* [Input material]
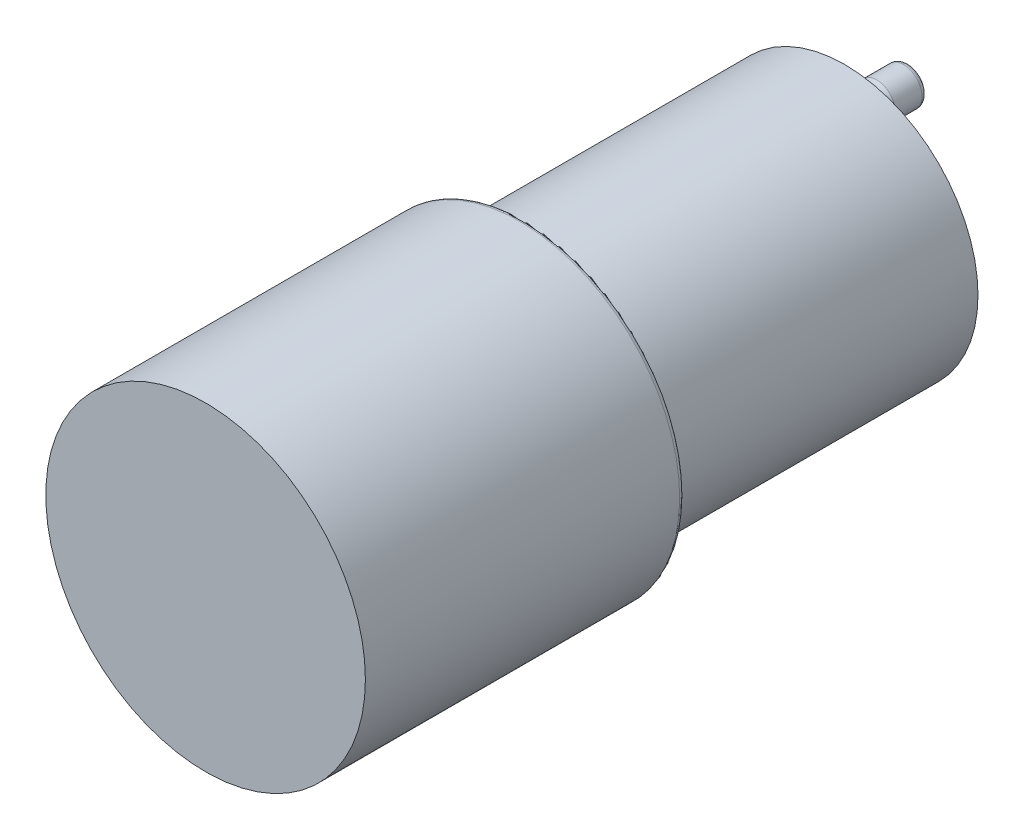
SolidWorks part; units mm, degrees
material "冷拉钢丝 45"
ref_plane "前视基准面" through (0, 0, 0) normal (0, 0, 1) x (1, 0, 0)
ref_plane "上视基准面" through (0, 0, 0) normal (0, 1, 0) x (1, 0, 0)
ref_plane "右视基准面" through (0, 0, 0) normal (1, 0, 0) x (0, 0, -1)
sketch "草图1" plane through (0, 0, 0) normal (0, 0, 1) x (1, 0, 0)
  circle A0 centre (0, 0) radius 12.5
  dimension "D1" = 25
extrude "凸台-拉伸1" add sketch "草图1" along normal blind 60
sketch "草图3" plane through (0, 0, 0) normal (0, 0, -1) x (-1, 0, 0)
  line L0 (0, 0) -> (0, 8) construction
  circle A0 centre (0, 0) radius 1.5
  circle A1 centre (0, 8) radius 1.5
  dimension "D1" = 3
  dimension "D3" = 3
  dimension "D2" = 8
extrude "凸台-拉伸2" add sketch "草图3" along normal blind 3
sketch "草图4" plane through (0, 0, -3) normal (0, 0, -1) x (-1, 0, 0)
  circle A0 centre (0, 0) radius 1.75
  circle A1 centre (0, 8) radius 1.75
  dimension "D1" = 3.5
  dimension "D2" = 3.5
extrude "凸台-拉伸3" add sketch "草图4" along normal blind 3
fillet "圆角1" radius 10 1 edges at (-1.5, 8, -3)
fillet "圆角2" radius 10 1 edges at (-1.5, 0, -3)
fillet "圆角3" radius 0.5 2 edges at (-1.75, 0, -6) (-1.75, 8, -6)
sketch "草图5" plane through (0, 0, 60) normal (0, 0, 1) x (1, 0, 0)
  circle A0 centre (0, 0) radius 15
  dimension "D1" = 30
extrude "凸台-拉伸4" add sketch "草图5" against normal blind 30
fillet "圆角4" radius 0.5 1 edges at (12.5, 0, 30)
fillet "圆角5" radius 0.5 1 edges at (15, 0, 30)

* [Work order]
Output the listing above exactly as it stands; no picture should appear.

* [Written reply]
SolidWorks part; units mm, degrees
material "冷拉钢丝 45"
ref_plane "前视基准面" through (0, 0, 0) normal (0, 0, 1) x (1, 0, 0)
ref_plane "上视基准面" through (0, 0, 0) normal (0, 1, 0) x (1, 0, 0)
ref_plane "右视基准面" through (0, 0, 0) normal (1, 0, 0) x (0, 0, -1)
sketch "草图1" plane through (0, 0, 0) normal (0, 0, 1) x (1, 0, 0)
  circle A0 centre (0, 0) radius 12.5
  dimension "D1" = 25
extrude "凸台-拉伸1" add sketch "草图1" along normal blind 60
sketch "草图3" plane through (0, 0, 0) normal (0, 0, -1) x (-1, 0, 0)
  line L0 (0, 0) -> (0, 8) construction
  circle A0 centre (0, 0) radius 1.5
  circle A1 centre (0, 8) radius 1.5
  dimension "D1" = 3
  dimension "D3" = 3
  dimension "D2" = 8
extrude "凸台-拉伸2" add sketch "草图3" along normal blind 3
sketch "草图4" plane through (0, 0, -3) normal (0, 0, -1) x (-1, 0, 0)
  circle A0 centre (0, 0) radius 1.75
  circle A1 centre (0, 8) radius 1.75
  dimension "D1" = 3.5
  dimension "D2" = 3.5
extrude "凸台-拉伸3" add sketch "草图4" along normal blind 3
fillet "圆角1" radius 10 1 edges at (-1.5, 8, -3)
fillet "圆角2" radius 10 1 edges at (-1.5, 0, -3)
fillet "圆角3" radius 0.5 2 edges at (-1.75, 0, -6) (-1.75, 8, -6)
sketch "草图5" plane through (0, 0, 60) normal (0, 0, 1) x (1, 0, 0)
  circle A0 centre (0, 0) radius 15
  dimension "D1" = 30
extrude "凸台-拉伸4" add sketch "草图5" against normal blind 30
fillet "圆角4" radius 0.5 1 edges at (12.5, 0, 30)
fillet "圆角5" radius 0.5 1 edges at (15, 0, 30)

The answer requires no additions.